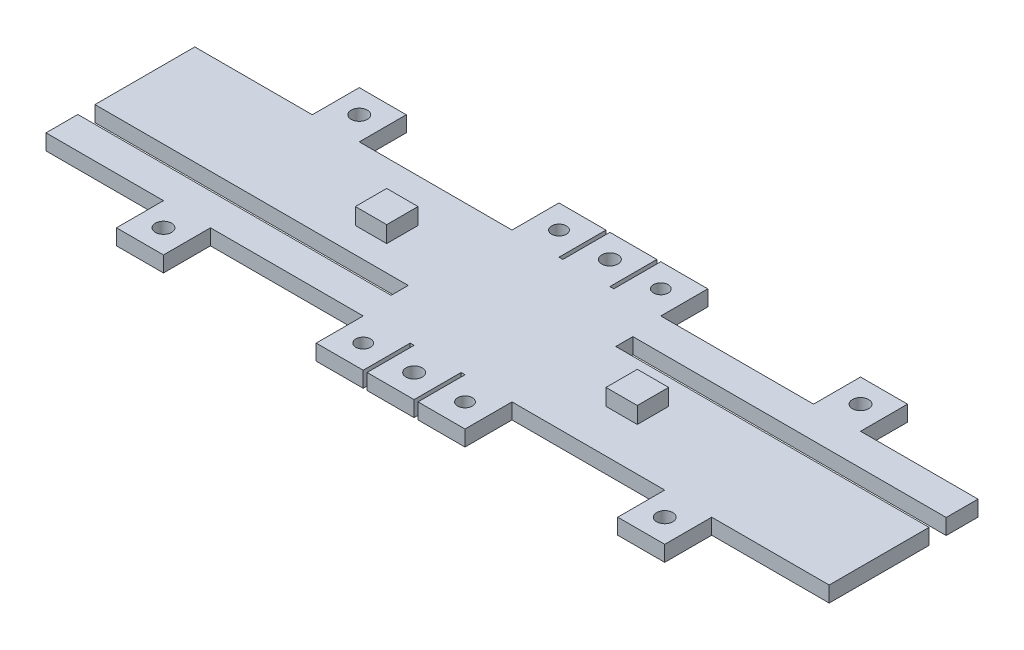
SolidWorks part; units mm, degrees
ref_plane "Front Plane" through (0, 0, 0) normal (0, 0, 1) x (1, 0, 0)
ref_plane "Top Plane" through (0, 0, 0) normal (0, 1, 0) x (1, 0, 0)
ref_plane "Right Plane" through (0, 0, 0) normal (1, 0, 0) x (0, 0, -1)
sketch "Sketch1" plane through (0, 0, 0) normal (0, 1, 0) x (1, 0, 0)
  line L1 (0, 0) -> (160, 0)
  line L2 (0, 0) -> (0, -30.4)
  line L3 (0, -30.4) -> (160, -30.4)
  line L4 (160, 0) -> (160, -30.4)
  dimension "D1" = 30.4
  dimension "D2" = 160
extrude "Boss-Extrude1" add sketch "Sketch1" along normal blind 3.2
sketch "Sketch2" plane through (0, 3.2, 0) normal (0, 1, 0) x (1, 0, 0)
  line L0 (0, -30.4) -> (160, -30.4) construction
  line L1 (24, -30.4) -> (33.6, -30.4)
  line L2 (24, -30.4) -> (24, -40)
  line L3 (24, -40) -> (33.6, -40)
  line L4 (33.6, -30.4) -> (33.6, -40)
  line L5 (75.2, -30.4) -> (75.2, -40)
  line L6 (75.2, -40) -> (84.8, -40)
  line L7 (75.2, -30.4) -> (84.8, -30.4)
  line L8 (84.8, -30.4) -> (84.8, -40)
  line L9 (126.4, -30.4) -> (126.4, -40)
  line L10 (126.4, -40) -> (136, -40)
  line L11 (126.4, -30.4) -> (136, -30.4)
  line L12 (136, -30.4) -> (136, -40)
  line L13 (75.2, 9.6) -> (75.2, 0)
  line L14 (75.2, 0) -> (84.8, 0)
  line L15 (75.2, 9.6) -> (84.8, 9.6)
  line L16 (84.8, 9.6) -> (84.8, 0)
  line L17 (126.4, 9.6) -> (126.4, 0)
  line L18 (126.4, 0) -> (136, 0)
  line L19 (126.4, 9.6) -> (136, 9.6)
  line L20 (136, 9.6) -> (136, 0)
  line L21 (24, 9.6) -> (24, 0)
  line L22 (24, 0) -> (33.6, 0)
  line L23 (24, 9.6) -> (33.6, 9.6)
  line L24 (33.6, 9.6) -> (33.6, 0)
  circle A0 centre (28.8, -35.2) radius 1.65
  circle A1 centre (80, -35.2) radius 1.65
  circle A2 centre (131.2, -35.2) radius 1.65
  circle A3 centre (80, 4.8) radius 1.65
  circle A4 centre (131.2, 4.8) radius 1.65
  circle A5 centre (28.8, 4.8) radius 1.65
  dimension "D5" = 3.3
  dimension "D1" = 9.6
  dimension "D2" = 9.6
  dimension "D3" = 24
  dimension "D6" = 3
  dimension "D4" = 2
extrude "Boss-Extrude2" add sketch "Sketch2" against normal blind 3.2
sketch "Sketch3" plane through (0, 3.2, 0) normal (0, 1, 0) x (1, 0, 0)
  line L0 (0, 0) -> (0, -30.4) construction
  line L1 (0, -20.4) -> (64, -20.4)
  line L2 (0, -20.4) -> (0, -23.9)
  line L3 (0, -23.9) -> (64, -23.9)
  line L4 (64, -20.4) -> (64, -23.9)
  line L5 (160, -30.4) -> (160, 0) construction
  line L6 (160, -6.5) -> (96, -6.5)
  line L7 (160, -6.5) -> (160, -10)
  line L8 (160, -10) -> (96, -10)
  line L9 (96, -6.5) -> (96, -10)
  dimension "D1" = 10.4
  dimension "D2" = 3.5
  dimension "D3" = 3.5
  dimension "D4" = 64
  dimension "D5" = 64
  dimension "D6" = 6.5
extrude "Cut-Extrude1" cut sketch "Sketch3" against normal through all
sketch "Sketch4" plane through (0, 3.2, 0) normal (0, 1, 0) x (1, 0, 0)
  line L0 (33.6, -30.4) -> (75.2, -30.4) construction
  line L1 (64.8, -30.4) -> (74.4, -30.4)
  line L2 (64.8, -30.4) -> (64.8, -40)
  line L3 (64.8, -40) -> (74.4, -40)
  line L4 (74.4, -30.4) -> (74.4, -40)
  line L5 (84.8, -30.4) -> (126.4, -30.4) construction
  line L6 (85.6, -30.4) -> (95.2, -30.4)
  line L7 (85.6, -30.4) -> (85.6, -40)
  line L8 (85.6, -40) -> (95.2, -40)
  line L9 (95.2, -30.4) -> (95.2, -40)
  line L10 (160, -15.2) -> (144.3037, -15.2) construction
  line L11 (160, -30.4) -> (160, -10) construction
  line L12 (85.6, 9.6) -> (95.2, 9.6)
  line L13 (95.2, 0) -> (95.2, 9.6)
  line L14 (85.6, 0) -> (95.2, 0)
  line L15 (85.6, 0) -> (85.6, 9.6)
  line L16 (64.8, 0) -> (74.4, 0)
  line L17 (74.4, 0) -> (74.4, 9.6)
  line L18 (64.8, 9.6) -> (74.4, 9.6)
  line L19 (64.8, 0) -> (64.8, 9.6)
  circle A0 centre (69.6, -35.2) radius 1.5
  circle A1 centre (90.4, -35.2) radius 1.5
  circle A2 centre (90.4, 4.8) radius 1.5
  circle A3 centre (69.6, 4.8) radius 1.5
  dimension "D1" = 9.6
  dimension "D2" = 9.6
  dimension "D8" = 3
  dimension "D9" = 3
  dimension "D3" = 9.6
  dimension "D4" = 9.6
  dimension "D5" = 0.8
  dimension "D6" = 0.8
  dimension "D7" = 15.2
  dimension "D10" = 4.8
  dimension "D11" = 4.8
extrude "Boss-Extrude3" add sketch "Sketch4" against normal blind 3.2
sketch "Sketch5" plane through (0, 3.2, 0) normal (0, 1, 0) x (1, 0, 0)
  line L0 (95.2, -30.4) -> (126.4, -30.4) construction
  line L1 (54.4, -8.8) -> (48, -8.8)
  line L2 (54.4, -8.8) -> (54.4, -15.2)
  line L3 (54.4, -15.2) -> (48, -15.2)
  line L4 (48, -8.8) -> (48, -15.2)
  line L5 (112, -21.6) -> (105.6, -21.6)
  line L6 (112, -21.6) -> (112, -15.2)
  line L7 (112, -15.2) -> (105.6, -15.2)
  line L8 (105.6, -21.6) -> (105.6, -15.2)
  line L9 (64.8, 0) -> (33.6, 0) construction
  line L10 (160, -30.4) -> (160, -10) construction
  line L11 (0, 0) -> (0, -20.4) construction
  dimension "D1" = 6.4
  dimension "D2" = 6.4
  dimension "D3" = 6.4
  dimension "D5" = 8.8
  dimension "D6" = 8.8
  dimension "D7" = 48
  dimension "D8" = 48
extrude "Boss-Extrude4" add sketch "Sketch5" along normal blind 3.36
equation "\"滑动-垂直孔\" = 0.6"
equation "\"滑动-水平孔\" = 0.3"
equation "\"松动-垂直孔\" = 0.3"
equation "\"松动-水平孔\" = 0.1"
equation "\"正常-垂直孔\" = 0.15"
equation "\"正常-水平孔\" = 0"
equation "\"紧缩-垂直孔\" = 0"
equation "\"紧缩-水平孔\" = -0.1"
equation "\"喷嘴宽度\" = \"_喷嘴物理宽度\" * \"_喷嘴宽度系数\""
equation "\"喷嘴厚度\" = \"_物理厚度\" * \"_物理厚度系数\""
equation "\"D1@Sketch1\"=\"喷嘴宽度\"*4*2 + \"喷嘴宽度\"*30"
equation "\"D2@Sketch1\"=\"喷嘴宽度\"*200"
equation "\"喷嘴物理宽度\"= 0.8"
equation "\"喷嘴宽度系数\"= 1"
equation "\"物理厚度\"= 0.4"
equation "\"物理厚度系数\"= 2"
equation "\"D1@Boss-Extrude1\"=\"喷嘴厚度\"*4"
equation "\"D1@Sketch2\"=\"喷嘴宽度\"*12"
equation "\"D2@Sketch2\"=\"D1@Sketch2\""
equation "\"D3@Sketch2\"=\"喷嘴宽度\"*30"
equation "\"D5@Sketch2\"=\"松动-垂直孔\"+3"
equation "\"D1@Boss-Extrude2\"=\"喷嘴厚度\"*4"
equation "\"D1@Sketch3\"=\"喷嘴宽度\"*13"
equation "\"D2@Sketch3\"=\"喷嘴宽度\"*4 + \"滑动-水平孔\""
equation "\"D3@Sketch3\"=\"D2@Sketch3\""
equation "\"D4@Sketch3\"=\"喷嘴宽度\"*80"
equation "\"D5@Sketch3\"=\"D4@Sketch3\""
equation "\"D6@Sketch3\"=(\"D1@Sketch1\"-\"D1@Sketch3\"-\"D3@Sketch3\"-\"D3@Sketch3\")/2"
equation "\"D1@Sketch4\"=\"D1@Sketch2\""
equation "\"D2@Sketch4\"=\"D2@Sketch2\""
equation "\"D3@Sketch4\"=\"D1@Sketch4\""
equation "\"D4@Sketch4\"=\"D2@Sketch4\""
equation "\"D7@Sketch4\"=\"D1@Sketch1\"/2"
equation "\"D1@Boss-Extrude3\"=\"喷嘴厚度\"*4"
equation "\"D8@Sketch4\"=\"紧缩-垂直孔\"+3"
equation "\"D9@Sketch4\"=\"D8@Sketch4\""
equation "\"D6@Sketch4\"=\"喷嘴宽度\"*1"
equation "\"D5@Sketch4\"=\"D6@Sketch4\""
equation "\"D10@Sketch4\"=\"D1@Sketch4\"/2"
equation "\"D11@Sketch4\"=\"D3@Sketch4\"/2"
equation "\"D1@Sketch5\"=\"喷嘴宽度\"*8"
equation "\"D2@Sketch5\"=\"D1@Sketch5\""
equation "\"D3@Sketch5\"=\"D1@Sketch5\""
equation "\"D4@Sketch5\"=\"D1@Sketch5\""
equation "\"D5@Sketch5\"=\"喷嘴宽度\"*11"
equation "\"D6@Sketch5\"=\"D5@Sketch5\""
equation "\"D7@Sketch5\"=\"喷嘴宽度\"*60"
equation "\"D8@Sketch5\"=\"D7@Sketch5\""
equation "\"D1@Boss-Extrude4\"=\"喷嘴厚度\"*4.2"

________

● **EXERCISE DETAILS**:
Begin at the first line of the records. Print every line through the one containing "0) x (0, 0, -1)" exactly, but skip the pictures.

● **EXERCISE SOLUTION**:
SolidWorks part; units mm, degrees
ref_plane "Front Plane" through (0, 0, 0) normal (0, 0, 1) x (1, 0, 0)
ref_plane "Top Plane" through (0, 0, 0) normal (0, 1, 0) x (1, 0, 0)
ref_plane "Right Plane" through (0, 0, 0) normal (1, 0, 0) x (0, 0, -1)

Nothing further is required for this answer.